Alternatieve ziekten (differentiële diagnose) | Eierstokkanker therapie

Alternatieve ziekten (differentiële diagnose)

De weinige symptomen die kunnen optreden in eierstokkanker, evenals de massa in de buikstreek kan ook een andere oorzaak hebben: ze kunnen massa's blijven veroorzaken. Cellen uit de rectum (rectumtumor - rectumtumor - rectumtumor) kan ook doordringen (infiltreren) in de eierstokken en dus simuleren eierstokkanker.

  • Puszweren (abcessen) van de eierstokken, eileiders, appendix (appendix = appendicitis)
  • Zweren van de baarmoeder
  • Tumoren van de eileiders
  • Buitenbaarmoederlijke zwangerschappen (buitenbaarmoederlijke zwangerschappen)

De therapie van epitheliale ovariumtumoren is in wezen gebaseerd op radicale chirurgie in combinatie met daaropvolgende chemotherapie.

De operatie probeert de tumor volledig te verwijderen (resecteren). Het principe van radicale chirurgie is dat er een longitudinale incisie in de buik wordt gemaakt (abdominale longitudinale incisie) om de eierstokken (eierstokken), de eileiders (tubae uterinae), de baarmoeder (baarmoeder), de appendix (appendix), het grote netwerk (omentum majus), evenals (gelokaliseerd) weefselvocht accounts (nodi lymphatici) in het bekken (bekken) en de aorta (aorta). Soms een verwijdering van een deel van de darm (dikke darm) evenals delen van het buikvlies noodzakelijk.
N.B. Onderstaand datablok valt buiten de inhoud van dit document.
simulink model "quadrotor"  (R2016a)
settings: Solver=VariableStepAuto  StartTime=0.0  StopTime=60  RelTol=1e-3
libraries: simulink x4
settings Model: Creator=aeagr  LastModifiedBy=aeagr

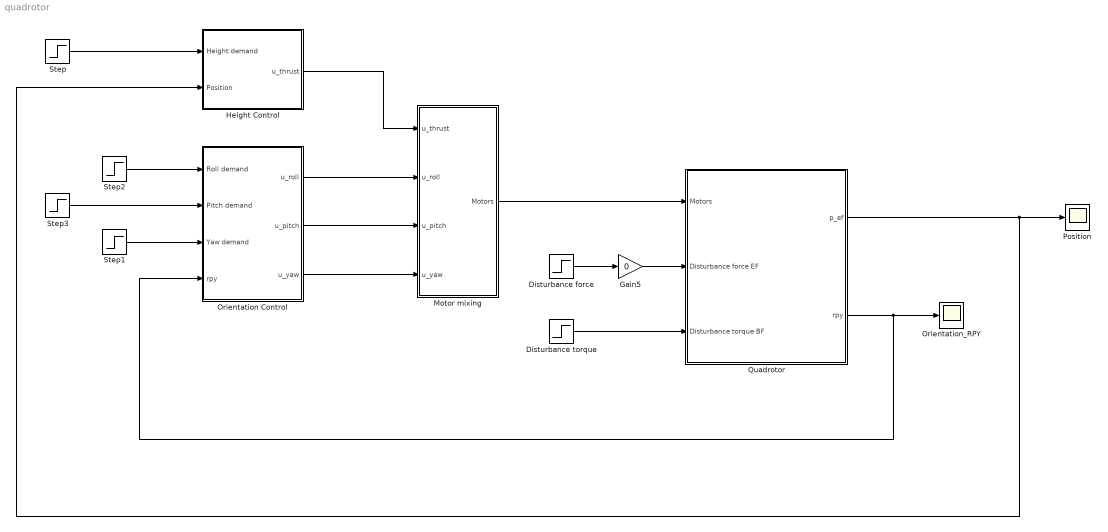
== system quadrotor ==
  Disturbance force : Step  Time=30  Before=[0;0;0]  After=[1;0;0]  SampleTime=0
  Disturbance torque : Step  Time=30  Before=[0;0;0]  After=-[0.1;0;0]  SampleTime=0
  Gain5 : Gain  Gain=0
  Height Control : Subsystem
  Motor mixing : Subsystem
  Orientation Control : Subsystem
  Orientation_RPY : Scope
  Position : Scope
  Quadrotor : Subsystem
  Step : Step  Time=5  SampleTime=0
  Step1 : Step  Time=15  After=pi/2  SampleTime=0
  Step2 : Step  Time=7  After=0.1  SampleTime=0
  Step3 : Step  Time=7  After=0  SampleTime=0
  wires:
  Disturbance force/1 -> Gain5/1
  Quadrotor/1(p_ef) -> Position/1, Height Control/2(Position)
  Quadrotor/2(rpy) -> Orientation_RPY/1, Orientation Control/4(rpy)
  Disturbance torque/1 -> Quadrotor/3(Disturbance torque BF)
  Gain5/1 -> Quadrotor/2(Disturbance force EF)
  Step/1 -> Height Control/1(Height demand)
  Step1/1 -> Orientation Control/3(Yaw demand)
  Step2/1 -> Orientation Control/1(Roll demand)
  Step3/1 -> Orientation Control/2(Pitch demand)
  Height Control/1(u_thrust) -> Motor mixing/1(u_thrust)
  Orientation Control/3(u_yaw) -> Motor mixing/4(u_yaw)
  Orientation Control/2(u_pitch) -> Motor mixing/3(u_pitch)
  Orientation Control/1(u_roll) -> Motor mixing/2(u_roll)
  Motor mixing/1(Motors) -> Quadrotor/1(Motors)

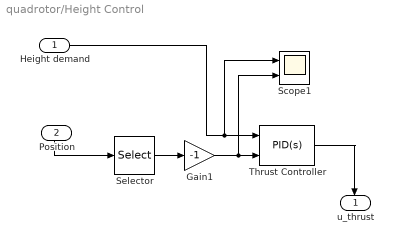
== system quadrotor/Height Control ==
  Height demand : Inport
  Position : Inport  Port=2
  Gain1 : Gain  Gain=-1
  Scope1 : Scope  NumInputPorts=2
  Selector : Selector  InputPortWidth=3  IndexOptions=Index vector (dialog)  Indices=[3]  OutputSizes=1
  Thrust Controller : simulink/Continuous/PID Controller (2DOF)  Controller=PID  TimeDomain=Continuous-time  SampleTime=-1  IntegratorMethod=Forward Euler  FilterMethod=Forward Euler  Form=Parallel  UseFilter=on  ControllerParametersSource=internal  P=0.3  I=0.1  D=0.8  N=100  b=1  c=1  InitialConditionSource=internal  InitialConditionForIntegrator=2.5  InitialConditionForFilter=0  ExternalReset=none  LimitOutput=off  UpperSaturationLimit=inf  LowerSaturationLimit=-inf  LinearizeAsGain=on  AntiWindupMode=none  Kb=1  TrackingMode=off  Kt=1  PParamMin=[]  PParamMax=[]  IParamMin=[]  IParamMax=[]  DParamMin=[]  DParamMax=[]  NParamMin=[]  NParamMax=[]  bParamMin=[]  bParamMax=[]  cParamMin=[]  cParamMax=[]  KbParamMin=[]  KbParamMax=[]  KtParamMin=[]  KtParamMax=[]  POutMin=[]  POutMax=[]  IOutMin=[]  IOutMax=[]  DOutMin=[]  DOutMax=[]  NOutMin=[]  NOutMax=[]  bOutMin=[]  bOutMax=[]  cOutMin=[]  cOutMax=[]  KbOutMin=[]  KbOutMax=[]  KtOutMin=[]  KtOutMax=[]  IntegratorOutMin=[]  IntegratorOutMax=[]  FilterOutMin=[]  FilterOutMax=[]  SumOutMin=[]  SumOutMax=[]  Sum1OutMin=[]  Sum1OutMax=[]  Sum2OutMin=[]  Sum2OutMax=[]  Sum3OutMin=[]  Sum3OutMax=[]  SumI1OutMin=[]  SumI1OutMax=[]  SumI2OutMin=[]  SumI2OutMax=[]  SumI3OutMin=[]  SumI3OutMax=[]  SumDOutMin=[]  SumDOutMax=[]  SaturationOutMin=[]  SaturationOutMax=[]  IntegratorContinuousStateAttributes=''  IntegratorStateMustResolveToSignalObject=off  IntegratorRTWStateStorageClass=Auto  FilterContinuousStateAttributes=''  FilterStateMustResolveToSignalObject=off  FilterRTWStateStorageClass=Auto  DifferentiatorICPrevScaledInput=0  DifferentiatorOutMin=[]  DifferentiatorOutMax=[]
  u_thrust : Outport
  wires:
  Gain1/1 -> Scope1/2, Thrust Controller/2
  Position/1 -> Selector/1
  Thrust Controller/1 -> u_thrust/1
  Selector/1 -> Gain1/1
  Height demand/1 -> Scope1/1, Thrust Controller/1

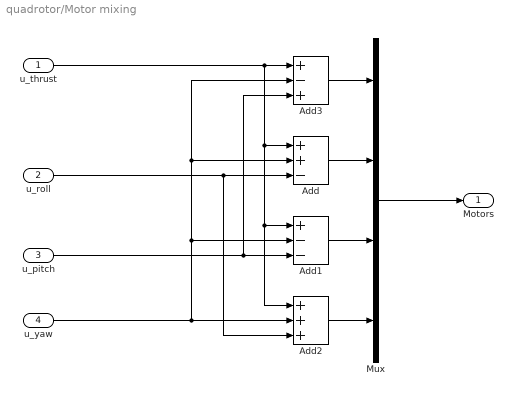
== system quadrotor/Motor mixing ==
  u_thrust : Inport
  u_roll : Inport  Port=2
  u_pitch : Inport  Port=3
  u_yaw : Inport  Port=4
  Add : Sum  Inputs=++-
  Add1 : Sum  Inputs=+--
  Add2 : Sum  Inputs=+++
  Add3 : Sum  Inputs=+-+
  Mux : Mux
  Motors : Outport
  wires:
  u_thrust/1 -> Add3/1, Add1/1, Add2/1, Add/1
  u_pitch/1 -> Add3/3, Add1/3
  u_yaw/1 -> Add3/2, Add/2, Add1/2, Add2/2
  u_roll/1 -> Add2/3, Add/3
  Mux/1 -> Motors/1
  Add1/1 -> Mux/3
  Add/1 -> Mux/2
  Add3/1 -> Mux/1
  Add2/1 -> Mux/4

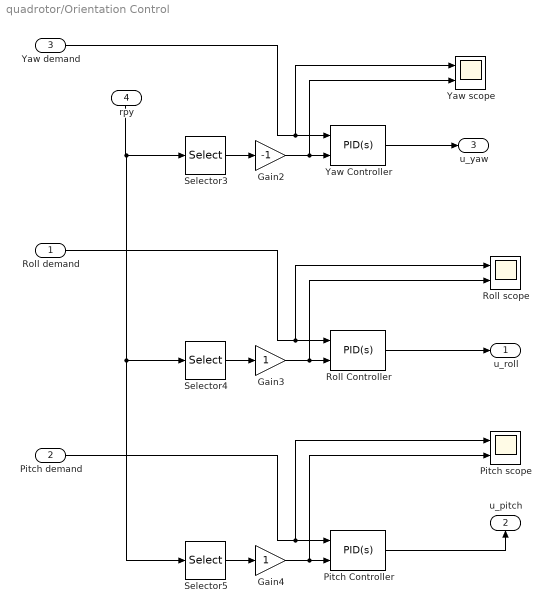
== system quadrotor/Orientation Control ==
  Roll demand : Inport
  Pitch demand : Inport  Port=2
  Yaw demand : Inport  Port=3
  rpy : Inport  Port=4
  Gain2 : Gain  Gain=-1
  Gain3 : Gain
  Gain4 : Gain
  Pitch Controller : simulink/Continuous/PID Controller (2DOF)  Controller=PID  TimeDomain=Continuous-time  SampleTime=-1  IntegratorMethod=Forward Euler  FilterMethod=Forward Euler  Form=Parallel  UseFilter=on  ControllerParametersSource=internal  P=0.8  I=0.1  D=0.8  N=100  b=1  c=1  InitialConditionSource=internal  InitialConditionForIntegrator=0  InitialConditionForFilter=0  ExternalReset=none  LimitOutput=off  UpperSaturationLimit=inf  LowerSaturationLimit=-inf  LinearizeAsGain=on  AntiWindupMode=none  Kb=1  TrackingMode=off  Kt=1  PParamMin=[]  PParamMax=[]  IParamMin=[]  IParamMax=[]  DParamMin=[]  DParamMax=[]  NParamMin=[]  NParamMax=[]  bParamMin=[]  bParamMax=[]  cParamMin=[]  cParamMax=[]  KbParamMin=[]  KbParamMax=[]  KtParamMin=[]  KtParamMax=[]  POutMin=[]  POutMax=[]  IOutMin=[]  IOutMax=[]  DOutMin=[]  DOutMax=[]  NOutMin=[]  NOutMax=[]  bOutMin=[]  bOutMax=[]  cOutMin=[]  cOutMax=[]  KbOutMin=[]  KbOutMax=[]  KtOutMin=[]  KtOutMax=[]  IntegratorOutMin=[]  IntegratorOutMax=[]  FilterOutMin=[]  FilterOutMax=[]  SumOutMin=[]  SumOutMax=[]  Sum1OutMin=[]  Sum1OutMax=[]  Sum2OutMin=[]  Sum2OutMax=[]  Sum3OutMin=[]  Sum3OutMax=[]  SumI1OutMin=[]  SumI1OutMax=[]  SumI2OutMin=[]  SumI2OutMax=[]  SumI3OutMin=[]  SumI3OutMax=[]  SumDOutMin=[]  SumDOutMax=[]  SaturationOutMin=[]  SaturationOutMax=[]  IntegratorContinuousStateAttributes=''  IntegratorStateMustResolveToSignalObject=off  IntegratorRTWStateStorageClass=Auto  FilterContinuousStateAttributes=''  FilterStateMustResolveToSignalObject=off  FilterRTWStateStorageClass=Auto  DifferentiatorICPrevScaledInput=0  DifferentiatorOutMin=[]  DifferentiatorOutMax=[]
  Pitch scope : Scope  NumInputPorts=2
  Roll Controller : simulink/Continuous/PID Controller (2DOF)  Controller=PID  TimeDomain=Continuous-time  SampleTime=-1  IntegratorMethod=Forward Euler  FilterMethod=Forward Euler  Form=Parallel  UseFilter=on  ControllerParametersSource=internal  P=0.8  I=0.1  D=0.8  N=100  b=1  c=1  InitialConditionSource=internal  InitialConditionForIntegrator=0  InitialConditionForFilter=0  ExternalReset=none  LimitOutput=off  UpperSaturationLimit=inf  LowerSaturationLimit=-inf  LinearizeAsGain=on  AntiWindupMode=none  Kb=1  TrackingMode=off  Kt=1  PParamMin=[]  PParamMax=[]  IParamMin=[]  IParamMax=[]  DParamMin=[]  DParamMax=[]  NParamMin=[]  NParamMax=[]  bParamMin=[]  bParamMax=[]  cParamMin=[]  cParamMax=[]  KbParamMin=[]  KbParamMax=[]  KtParamMin=[]  KtParamMax=[]  POutMin=[]  POutMax=[]  IOutMin=[]  IOutMax=[]  DOutMin=[]  DOutMax=[]  NOutMin=[]  NOutMax=[]  bOutMin=[]  bOutMax=[]  cOutMin=[]  cOutMax=[]  KbOutMin=[]  KbOutMax=[]  KtOutMin=[]  KtOutMax=[]  IntegratorOutMin=[]  IntegratorOutMax=[]  FilterOutMin=[]  FilterOutMax=[]  SumOutMin=[]  SumOutMax=[]  Sum1OutMin=[]  Sum1OutMax=[]  Sum2OutMin=[]  Sum2OutMax=[]  Sum3OutMin=[]  Sum3OutMax=[]  SumI1OutMin=[]  SumI1OutMax=[]  SumI2OutMin=[]  SumI2OutMax=[]  SumI3OutMin=[]  SumI3OutMax=[]  SumDOutMin=[]  SumDOutMax=[]  SaturationOutMin=[]  SaturationOutMax=[]  IntegratorContinuousStateAttributes=''  IntegratorStateMustResolveToSignalObject=off  IntegratorRTWStateStorageClass=Auto  FilterContinuousStateAttributes=''  FilterStateMustResolveToSignalObject=off  FilterRTWStateStorageClass=Auto  DifferentiatorICPrevScaledInput=0  DifferentiatorOutMin=[]  DifferentiatorOutMax=[]
  Roll scope : Scope  NumInputPorts=2
  Selector3 : Selector  InputPortWidth=3  IndexOptions=Index vector (dialog)  Indices=[3]  OutputSizes=1
  Selector4 : Selector  InputPortWidth=3  IndexOptions=Index vector (dialog)  Indices=[1]  OutputSizes=1
  Selector5 : Selector  InputPortWidth=3  IndexOptions=Index vector (dialog)  Indices=[2]  OutputSizes=1
  Yaw Controller : simulink/Continuous/PID Controller (2DOF)  Controller=PID  TimeDomain=Continuous-time  SampleTime=-1  IntegratorMethod=Forward Euler  FilterMethod=Forward Euler  Form=Parallel  UseFilter=on  ControllerParametersSource=internal  P=0.3  I=0.1  D=0.8  N=100  b=1  c=1  InitialConditionSource=internal  InitialConditionForIntegrator=0  InitialConditionForFilter=0  ExternalReset=none  LimitOutput=off  UpperSaturationLimit=inf  LowerSaturationLimit=-inf  LinearizeAsGain=on  AntiWindupMode=none  Kb=1  TrackingMode=off  Kt=1  PParamMin=[]  PParamMax=[]  IParamMin=[]  IParamMax=[]  DParamMin=[]  DParamMax=[]  NParamMin=[]  NParamMax=[]  bParamMin=[]  bParamMax=[]  cParamMin=[]  cParamMax=[]  KbParamMin=[]  KbParamMax=[]  KtParamMin=[]  KtParamMax=[]  POutMin=[]  POutMax=[]  IOutMin=[]  IOutMax=[]  DOutMin=[]  DOutMax=[]  NOutMin=[]  NOutMax=[]  bOutMin=[]  bOutMax=[]  cOutMin=[]  cOutMax=[]  KbOutMin=[]  KbOutMax=[]  KtOutMin=[]  KtOutMax=[]  IntegratorOutMin=[]  IntegratorOutMax=[]  FilterOutMin=[]  FilterOutMax=[]  SumOutMin=[]  SumOutMax=[]  Sum1OutMin=[]  Sum1OutMax=[]  Sum2OutMin=[]  Sum2OutMax=[]  Sum3OutMin=[]  Sum3OutMax=[]  SumI1OutMin=[]  SumI1OutMax=[]  SumI2OutMin=[]  SumI2OutMax=[]  SumI3OutMin=[]  SumI3OutMax=[]  SumDOutMin=[]  SumDOutMax=[]  SaturationOutMin=[]  SaturationOutMax=[]  IntegratorContinuousStateAttributes=''  IntegratorStateMustResolveToSignalObject=off  IntegratorRTWStateStorageClass=Auto  FilterContinuousStateAttributes=''  FilterStateMustResolveToSignalObject=off  FilterRTWStateStorageClass=Auto  DifferentiatorICPrevScaledInput=0  DifferentiatorOutMin=[]  DifferentiatorOutMax=[]
  Yaw scope : Scope  NumInputPorts=2
  u_roll : Outport
  u_pitch : Outport  Port=2
  u_yaw : Outport  Port=3
  wires:
  Pitch demand/1 -> Pitch scope/1, Pitch Controller/1
  Gain4/1 -> Pitch scope/2, Pitch Controller/2
  Selector5/1 -> Gain4/1
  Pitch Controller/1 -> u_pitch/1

Chemotherapie wordt uitgevoerd na de operatie om de overgeblevenen te doden kanker cellen zoveel mogelijk. De volgende chemotherapeutische middelen worden gewoonlijk gebruikt: carboplatine, cyclofosfamide en paclitaxel. Vaak worden aanvullende chirurgische ingrepen uitgevoerd.

Dit is bijvoorbeeld het geval als de tumor niet volledig kan worden verwijderd tijdens een primaire chirurgische ingreep (eerste ingreep). Een paar cycli van chemotherapie moet altijd de primaire operatie volgen voordat de tweede operatie wordt uitgevoerd met als doel de tumor volledig te verwijderen. Het is echter logisch om de tweede operatie alleen uit te voeren als de chemotherapie effectief is.

Studies hebben aangetoond dat het overlevingspercentage van patiënten met een tweede operatie niet verbetert als de eerder uitgevoerde chemotherapie een slechte respons of helemaal geen respons heeft. Soms wordt alleen om diagnostische redenen een tweede operatie uitgevoerd. Deze operatie wordt dan een tweede kijkoperatie genoemd.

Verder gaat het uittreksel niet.